### [Exercise goal]
The data below is to be written out exactly, with no pictures.

Data entries:
------------------------------------------------------------
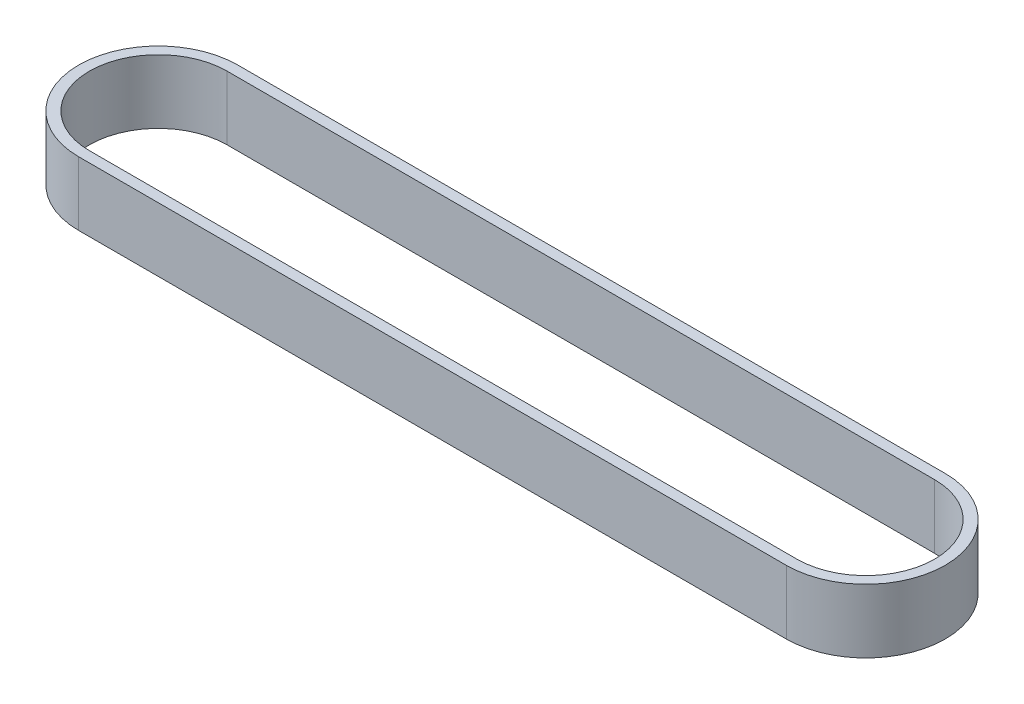
from build123d import *

# Parameters (mm, degrees)
EXTRUDE_1_DEPTH = 6


with BuildPart() as part:
    # 草图1 → 凸台-拉伸1 (new body)
    with BuildSketch(Plane(origin=(0, 0, 0), x_dir=(1, 0, 0), z_dir=(0, 1, 0))):
        with BuildLine():
            Line((-33.24, 7.47), (33.24, 7.47))
            ThreePointArc((33.24, 7.47), (40.71, 0), (33.24, -7.47))
            Line((33.24, -7.47), (-33.24, -7.47))
            ThreePointArc((-33.24, -7.47), (-40.71, 0), (-33.24, 7.47))
        make_face()
        with BuildLine():
            Line((-33.24, 6.47), (33.24, 6.47))
            ThreePointArc((33.24, 6.47), (39.71, 0), (33.24, -6.47))
            Line((33.24, -6.47), (-33.24, -6.47))
            ThreePointArc((-33.24, -6.47), (-39.71, 0), (-33.24, 6.47))
        make_face(mode=Mode.SUBTRACT)
    extrude(amount=EXTRUDE_1_DEPTH)


solid = part.part
------------------------------------------------------------
### [Result of this task]
from build123d import *

# Parameters (mm, degrees)
EXTRUDE_1_DEPTH = 6


with BuildPart() as part:
    # 草图1 → 凸台-拉伸1 (new body)
    with BuildSketch(Plane(origin=(0, 0, 0), x_dir=(1, 0, 0), z_dir=(0, 1, 0))):
        with BuildLine():
            Line((-33.24, 7.47), (33.24, 7.47))
            ThreePointArc((33.24, 7.47), (40.71, 0), (33.24, -7.47))
            Line((33.24, -7.47), (-33.24, -7.47))
            ThreePointArc((-33.24, -7.47), (-40.71, 0), (-33.24, 7.47))
        make_face()
        with BuildLine():
            Line((-33.24, 6.47), (33.24, 6.47))
            ThreePointArc((33.24, 6.47), (39.71, 0), (33.24, -6.47))
            Line((33.24, -6.47), (-33.24, -6.47))
            ThreePointArc((-33.24, -6.47), (-39.71, 0), (-33.24, 6.47))
        make_face(mode=Mode.SUBTRACT)
    extrude(amount=EXTRUDE_1_DEPTH)


solid = part.part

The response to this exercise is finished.